Le principe du bouclier est relativement simple bien que très difficile à réaliser d'un point de vue technologique. Il s'agit de lancer un missile balistique pour en détruire un autre grâce à la seule puissance de l'impact. C'est un peu comme si on voulait arrêter une balle de fusil avec une autre.
Les Américains ont réalisé huit tests d'interception au-dessus du Pacifique, dont cinq réussis, mais le dernier, effectué il y a plus d'un an, a échoué. Malgré cela, six jours plus tard, soit le 17 décembre 2002, le président Bush annonçait le début du déploiement d'un système antimissiles destiné à évoluer au gré des développements technologiques. Le programme a bénéficié d'un budget de 10,5 milliards $CAN en 2003. De 2003 à 2007 inclusivement, il totalisera 56 milliards.
La première étape consiste à déployer, pendant la deuxième moitié de 2004, six intercepteurs de missiles intercontinentaux (portée supérieure à 5500 kilomètres) à Fort Greely, en Alaska, et à en installer quatre sur la base aérienne Vanderberg, en Californie. Quatorze autres intercepteurs seront déployés en Alaska en 2005.
Toujours en 2005, jusqu'à 20 intercepteurs de missiles de courte portée (moins de 800 kilomètres) et de moyenne portée (de 800 à 2400 kilomètres) seront installés sur des croiseurs équipés du système d'armement Aegis. Des missiles Patriot de troisième génération, basés au sol, seront aussi intégrés au système.
Des système de détection au sol, en mer et dans l'espace seront utilisés. Il s'agit de satellites existants, de radars qui seront mis à niveau cette année, situés aux États-Unis, en Grande-Bretagne et au Groenland, ainsi que de nouveaux radars à haute définition qui doivent être construits d'ici la fin 2005.
D'autres éléments de plus en plus perfectionnés s'ajouteront au fil des ans, mais aucun n'a été mis à l'essai à ce jour. En fait, même le système actuel n'a pas été entièrement testé. Un seul test a eu lieu dans le cas du système installé sur les croiseurs. Les intercepteurs au sol ont tous été mis à l'épreuve avec des missiles Minuteman alors qu'un nouveau missile sera utilisé en Alaska et en Californie. Ce missile d'Orbital Science subira son premier test seulement en avril ou mai.
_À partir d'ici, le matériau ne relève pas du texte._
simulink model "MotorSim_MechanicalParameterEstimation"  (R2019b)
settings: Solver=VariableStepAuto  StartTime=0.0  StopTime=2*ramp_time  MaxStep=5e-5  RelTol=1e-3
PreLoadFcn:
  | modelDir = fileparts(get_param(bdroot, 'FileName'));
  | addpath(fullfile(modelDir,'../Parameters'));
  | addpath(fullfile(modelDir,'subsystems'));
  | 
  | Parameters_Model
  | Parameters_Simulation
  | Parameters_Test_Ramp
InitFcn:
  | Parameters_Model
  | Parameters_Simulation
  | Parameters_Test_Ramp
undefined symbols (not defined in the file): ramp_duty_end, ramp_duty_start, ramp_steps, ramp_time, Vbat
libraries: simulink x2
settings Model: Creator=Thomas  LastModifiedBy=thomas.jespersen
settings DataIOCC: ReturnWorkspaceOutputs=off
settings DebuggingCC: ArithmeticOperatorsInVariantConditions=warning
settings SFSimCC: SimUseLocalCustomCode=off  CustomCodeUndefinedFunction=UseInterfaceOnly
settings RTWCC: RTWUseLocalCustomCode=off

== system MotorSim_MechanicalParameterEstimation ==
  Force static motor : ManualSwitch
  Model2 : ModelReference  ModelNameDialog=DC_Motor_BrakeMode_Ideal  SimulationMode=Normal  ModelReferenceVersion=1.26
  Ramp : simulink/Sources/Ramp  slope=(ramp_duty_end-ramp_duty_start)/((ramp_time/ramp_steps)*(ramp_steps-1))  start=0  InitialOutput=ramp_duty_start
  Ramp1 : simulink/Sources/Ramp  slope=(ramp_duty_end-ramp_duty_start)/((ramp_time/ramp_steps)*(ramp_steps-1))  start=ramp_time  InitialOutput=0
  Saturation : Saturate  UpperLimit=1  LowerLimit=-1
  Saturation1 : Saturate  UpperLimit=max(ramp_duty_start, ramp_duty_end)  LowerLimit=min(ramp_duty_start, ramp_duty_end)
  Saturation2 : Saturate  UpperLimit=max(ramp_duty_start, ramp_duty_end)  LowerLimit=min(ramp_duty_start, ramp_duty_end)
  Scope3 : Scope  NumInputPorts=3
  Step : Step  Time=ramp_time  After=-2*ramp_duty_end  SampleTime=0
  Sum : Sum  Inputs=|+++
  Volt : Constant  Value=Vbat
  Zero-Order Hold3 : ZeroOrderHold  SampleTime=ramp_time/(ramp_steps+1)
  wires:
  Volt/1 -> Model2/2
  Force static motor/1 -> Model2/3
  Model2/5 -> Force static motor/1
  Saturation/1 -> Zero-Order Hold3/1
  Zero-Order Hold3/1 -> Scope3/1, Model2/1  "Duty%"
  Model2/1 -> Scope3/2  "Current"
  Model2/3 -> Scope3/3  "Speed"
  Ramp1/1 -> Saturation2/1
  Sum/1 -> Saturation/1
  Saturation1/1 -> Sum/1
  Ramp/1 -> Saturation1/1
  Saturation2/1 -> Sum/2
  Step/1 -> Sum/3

Le projet du président Bush est plus complexe que l'IDS du président Reagan car il vise à intercepter tous les types de missiles balistiques, pas seulement les missiles intercontinentaux. De plus, on cherche à le doter de la capacité de les arrêter à toutes les étapes de leur trajectoire, soit au moment de la propulsion, à mi-parcours et lors de la phase de descente.
La technologie actuelle ne fonctionne qu'à mi-parcours, la portion la plus longue et la plus prévisible de la trajectoire du missile. Le hic, c'est que pendant cette phase, des leurres et des mesures de diversion peuvent aussi être utilisés, rendant la détection du véritable missile à peu près impossible. Le système actuel n'a jamais été testé dans ces conditions.
Quant au projet d'interception en phase de propulsion, celle en laquelle Washington fondait beaucoup d'espoir, elle a reçu beaucoup de plomb dans l'aile l'été dernier avec la publication d'un rapport scientifique dévastateur de l'American Physical Society. Selon ses auteurs, l'interception est possible, mais le délai disponible est si court qu'il faudrait baser l'intercepteur trop près de la cible, voire sur le territoire ennemi.